As airlines “unbundle” the travel experience, flyers end up shelling out extra money for lots of things that used to be included. All of the prices I mention are for “saver” or “basic economy” tickets. Usually, that means the tickets are non-changeable, there’s no seat assignment and you board last.

Since I like to pre-reserve an aisle seat, I don’t buy the “saver” class. Usually, a main cabin ticket costs about $30-$45 more each way. There are additional charges for extra legroom in premium class (called “Comfort+” on Delta).

While tickets to many popular cities are on sale now, so are fares to gateways to some of the Lower 48′s wide-open places. From Anchorage to Bozeman, Montana, the fare is just $109 one-way (saver fare) in May on either Alaska Airlines or Delta. Bozeman is close to Yellowstone National Park.

If you want to go to Utah to see the state’s national parks, you can fly nonstop on Delta to Salt Lake City for $109 one-way. If you have your heart set on the Grand Canyon, you can fly to either Phoenix or Las Vegas for $119 one-way in May.

In this May 15, 2020 file photo, Tanya Wyler takes a photograph as Matthias Zather and Ines Zather, all of Switzerland, gather at the Grand Canyon in Grand Canyon, Ariz. (AP Photo/Matt York, File)

In addition to dropping fares, airlines are getting more competitive with frequent flyer awards. Delta has some great Skymiles deals for travel in May, including Anchorage-Seattle for 8,000 miles round-trip, and Anchorage to Atlanta, Houston or Minneapolis for 15,000 round-trip.
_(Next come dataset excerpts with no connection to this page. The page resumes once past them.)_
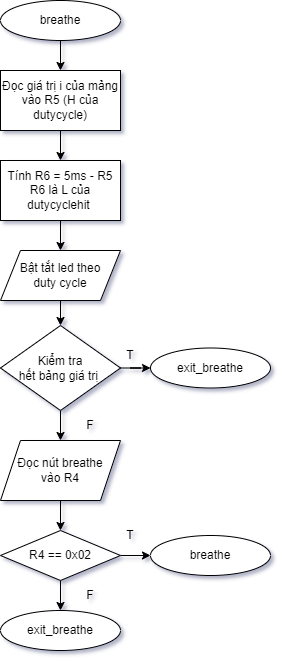

The diagram above was exported from draw.io. Its source (the exported page's mxGraphModel, read from the mxfile embedded in the PNG):
<mxGraphModel dx="979" dy="592" grid="1" gridSize="10" guides="1" tooltips="1" connect="1" arrows="1" fold="1" page="1" pageScale="1" pageWidth="827" pageHeight="1169" math="0" shadow="0">
  <root>
    <mxCell id="WIyWlLk6GJQsqaUBKTNV-0" />
    <mxCell id="WIyWlLk6GJQsqaUBKTNV-1" parent="WIyWlLk6GJQsqaUBKTNV-0" />
    <mxCell id="b4eXsFCLWfo6xnLSg_Ii-31" value="breathe" style="rounded=1;whiteSpace=wrap;html=1;fontSize=12;glass=0;strokeWidth=1;shadow=0;shape=ellipse;perimeter=ellipsePerimeter;" vertex="1" parent="WIyWlLk6GJQsqaUBKTNV-1">
      <mxGeometry x="70" y="110" width="120" height="40" as="geometry" />
    </mxCell>
    <mxCell id="b4eXsFCLWfo6xnLSg_Ii-65" value="" style="edgeStyle=orthogonalEdgeStyle;rounded=0;orthogonalLoop=1;jettySize=auto;html=1;" edge="1" parent="WIyWlLk6GJQsqaUBKTNV-1" source="b4eXsFCLWfo6xnLSg_Ii-32" target="b4eXsFCLWfo6xnLSg_Ii-62">
      <mxGeometry relative="1" as="geometry" />
    </mxCell>
    <mxCell id="b4eXsFCLWfo6xnLSg_Ii-32" value="Đọc giá trị i của mảng vào R5 (H của dutycycle)" style="rounded=0;whiteSpace=wrap;html=1;" vertex="1" parent="WIyWlLk6GJQsqaUBKTNV-1">
      <mxGeometry x="70" y="180" width="120" height="60" as="geometry" />
    </mxCell>
    <mxCell id="b4eXsFCLWfo6xnLSg_Ii-35" value="" style="endArrow=classic;html=1;rounded=0;exitX=0.5;exitY=1;exitDx=0;exitDy=0;entryX=0.5;entryY=0;entryDx=0;entryDy=0;" edge="1" parent="WIyWlLk6GJQsqaUBKTNV-1" source="b4eXsFCLWfo6xnLSg_Ii-31" target="b4eXsFCLWfo6xnLSg_Ii-32">
      <mxGeometry width="50" height="50" relative="1" as="geometry">
        <mxPoint x="300" y="430" as="sourcePoint" />
        <mxPoint x="350" y="380" as="targetPoint" />
      </mxGeometry>
    </mxCell>
    <mxCell id="b4eXsFCLWfo6xnLSg_Ii-66" value="" style="edgeStyle=orthogonalEdgeStyle;rounded=0;orthogonalLoop=1;jettySize=auto;html=1;" edge="1" parent="WIyWlLk6GJQsqaUBKTNV-1" source="b4eXsFCLWfo6xnLSg_Ii-62" target="b4eXsFCLWfo6xnLSg_Ii-64">
      <mxGeometry relative="1" as="geometry" />
    </mxCell>
    <mxCell id="b4eXsFCLWfo6xnLSg_Ii-62" value="Tính R6 = 5ms - R5&lt;br&gt;R6 là L của dutycyclehit&amp;nbsp;" style="rounded=0;whiteSpace=wrap;html=1;" vertex="1" parent="WIyWlLk6GJQsqaUBKTNV-1">
      <mxGeometry x="70" y="270" width="120" height="60" as="geometry" />
    </mxCell>
    <mxCell id="b4eXsFCLWfo6xnLSg_Ii-78" value="" style="edgeStyle=orthogonalEdgeStyle;rounded=0;orthogonalLoop=1;jettySize=auto;html=1;" edge="1" parent="WIyWlLk6GJQsqaUBKTNV-1" source="b4eXsFCLWfo6xnLSg_Ii-64" target="b4eXsFCLWfo6xnLSg_Ii-67">
      <mxGeometry relative="1" as="geometry" />
    </mxCell>
    <mxCell id="b4eXsFCLWfo6xnLSg_Ii-64" value="Bật tắt led theo &lt;br&gt;duty cycle" style="shape=parallelogram;perimeter=parallelogramPerimeter;whiteSpace=wrap;html=1;fixedSize=1;" vertex="1" parent="WIyWlLk6GJQsqaUBKTNV-1">
      <mxGeometry x="70" y="360" width="120" height="50" as="geometry" />
    </mxCell>
    <mxCell id="b4eXsFCLWfo6xnLSg_Ii-72" value="" style="edgeStyle=orthogonalEdgeStyle;rounded=0;orthogonalLoop=1;jettySize=auto;html=1;" edge="1" parent="WIyWlLk6GJQsqaUBKTNV-1" source="b4eXsFCLWfo6xnLSg_Ii-67" target="b4eXsFCLWfo6xnLSg_Ii-69">
      <mxGeometry relative="1" as="geometry" />
    </mxCell>
    <mxCell id="b4eXsFCLWfo6xnLSg_Ii-79" value="" style="edgeStyle=orthogonalEdgeStyle;rounded=0;orthogonalLoop=1;jettySize=auto;html=1;" edge="1" parent="WIyWlLk6GJQsqaUBKTNV-1" source="b4eXsFCLWfo6xnLSg_Ii-67" target="b4eXsFCLWfo6xnLSg_Ii-68">
      <mxGeometry relative="1" as="geometry" />
    </mxCell>
    <mxCell id="b4eXsFCLWfo6xnLSg_Ii-67" value="Kiểm tra &lt;br&gt;hết bảng giá trị&amp;nbsp;" style="rhombus;whiteSpace=wrap;html=1;" vertex="1" parent="WIyWlLk6GJQsqaUBKTNV-1">
      <mxGeometry x="70" y="435" width="120" height="85" as="geometry" />
    </mxCell>
    <mxCell id="b4eXsFCLWfo6xnLSg_Ii-83" style="edgeStyle=orthogonalEdgeStyle;rounded=0;orthogonalLoop=1;jettySize=auto;html=1;" edge="1" parent="WIyWlLk6GJQsqaUBKTNV-1" source="b4eXsFCLWfo6xnLSg_Ii-68" target="b4eXsFCLWfo6xnLSg_Ii-80">
      <mxGeometry relative="1" as="geometry" />
    </mxCell>
    <mxCell id="b4eXsFCLWfo6xnLSg_Ii-68" value="Đọc nút breathe &lt;br&gt;vào R4" style="shape=parallelogram;perimeter=parallelogramPerimeter;whiteSpace=wrap;html=1;fixedSize=1;" vertex="1" parent="WIyWlLk6GJQsqaUBKTNV-1">
      <mxGeometry x="70" y="550" width="120" height="60" as="geometry" />
    </mxCell>
    <mxCell id="b4eXsFCLWfo6xnLSg_Ii-69" value="exit_breathe" style="rounded=1;whiteSpace=wrap;html=1;fontSize=12;glass=0;strokeWidth=1;shadow=0;shape=ellipse;perimeter=ellipsePerimeter;" vertex="1" parent="WIyWlLk6GJQsqaUBKTNV-1">
      <mxGeometry x="220" y="457.5" width="120" height="40" as="geometry" />
    </mxCell>
    <mxCell id="b4eXsFCLWfo6xnLSg_Ii-70" value="T" style="text;html=1;strokeColor=none;fillColor=none;align=center;verticalAlign=middle;whiteSpace=wrap;rounded=0;" vertex="1" parent="WIyWlLk6GJQsqaUBKTNV-1">
      <mxGeometry x="170" y="450" width="60" height="30" as="geometry" />
    </mxCell>
    <mxCell id="b4eXsFCLWfo6xnLSg_Ii-71" value="F" style="text;html=1;strokeColor=none;fillColor=none;align=center;verticalAlign=middle;whiteSpace=wrap;rounded=0;" vertex="1" parent="WIyWlLk6GJQsqaUBKTNV-1">
      <mxGeometry x="130" y="520" width="60" height="30" as="geometry" />
    </mxCell>
    <mxCell id="b4eXsFCLWfo6xnLSg_Ii-84" style="edgeStyle=orthogonalEdgeStyle;rounded=0;orthogonalLoop=1;jettySize=auto;html=1;" edge="1" parent="WIyWlLk6GJQsqaUBKTNV-1" source="b4eXsFCLWfo6xnLSg_Ii-80" target="b4eXsFCLWfo6xnLSg_Ii-81">
      <mxGeometry relative="1" as="geometry" />
    </mxCell>
    <mxCell id="b4eXsFCLWfo6xnLSg_Ii-86" value="" style="edgeStyle=orthogonalEdgeStyle;rounded=0;orthogonalLoop=1;jettySize=auto;html=1;" edge="1" parent="WIyWlLk6GJQsqaUBKTNV-1" source="b4eXsFCLWfo6xnLSg_Ii-80" target="b4eXsFCLWfo6xnLSg_Ii-85">
      <mxGeometry relative="1" as="geometry" />
    </mxCell>
    <mxCell id="b4eXsFCLWfo6xnLSg_Ii-80" value="R4 == 0x02" style="rhombus;whiteSpace=wrap;html=1;" vertex="1" parent="WIyWlLk6GJQsqaUBKTNV-1">
      <mxGeometry x="70" y="640" width="120" height="50" as="geometry" />
    </mxCell>
    <mxCell id="b4eXsFCLWfo6xnLSg_Ii-81" value="exit_breathe" style="rounded=1;whiteSpace=wrap;html=1;fontSize=12;glass=0;strokeWidth=1;shadow=0;shape=ellipse;perimeter=ellipsePerimeter;" vertex="1" parent="WIyWlLk6GJQsqaUBKTNV-1">
      <mxGeometry x="70" y="720" width="120" height="40" as="geometry" />
    </mxCell>
    <mxCell id="b4eXsFCLWfo6xnLSg_Ii-85" value="breathe" style="rounded=1;whiteSpace=wrap;html=1;fontSize=12;glass=0;strokeWidth=1;shadow=0;shape=ellipse;perimeter=ellipsePerimeter;" vertex="1" parent="WIyWlLk6GJQsqaUBKTNV-1">
      <mxGeometry x="220" y="645" width="120" height="40" as="geometry" />
    </mxCell>
    <mxCell id="b4eXsFCLWfo6xnLSg_Ii-87" value="T" style="text;html=1;strokeColor=none;fillColor=none;align=center;verticalAlign=middle;whiteSpace=wrap;rounded=0;" vertex="1" parent="WIyWlLk6GJQsqaUBKTNV-1">
      <mxGeometry x="170" y="630" width="60" height="30" as="geometry" />
    </mxCell>
    <mxCell id="b4eXsFCLWfo6xnLSg_Ii-88" value="F" style="text;html=1;strokeColor=none;fillColor=none;align=center;verticalAlign=middle;whiteSpace=wrap;rounded=0;" vertex="1" parent="WIyWlLk6GJQsqaUBKTNV-1">
      <mxGeometry x="130" y="690" width="60" height="30" as="geometry" />
    </mxCell>
  </root>
</mxGraphModel>

If you don’t have any Skymiles to spend, scan Delta’s website for a credit card offer from American Express. I found the Delta “Gold” card,which featured a $200 statement credit when you buy a Delta ticket, plus 70,000 Skymiles when you spend $2,000 within three months.

Alaska Airlines offers 5,000-mile one-way tickets from Anchorage to Juneau, Sitka, Yakutat, Cordova, Nome, Kotzebue and Fairbanks. For most of these destinations, that’s a great deal. But not Fairbanks. That’s because Anchorage-Fairbanks is on sale all summer long since United is offering one flight each day for $49. So Alaska matched the fare between June 3 and Sept. 29.

Right now the best prices for either miles or money are in May and early June. After that, airlines are banking on pent-up demand for travel to fill up the planes, with corresponding higher prices. We’ll see.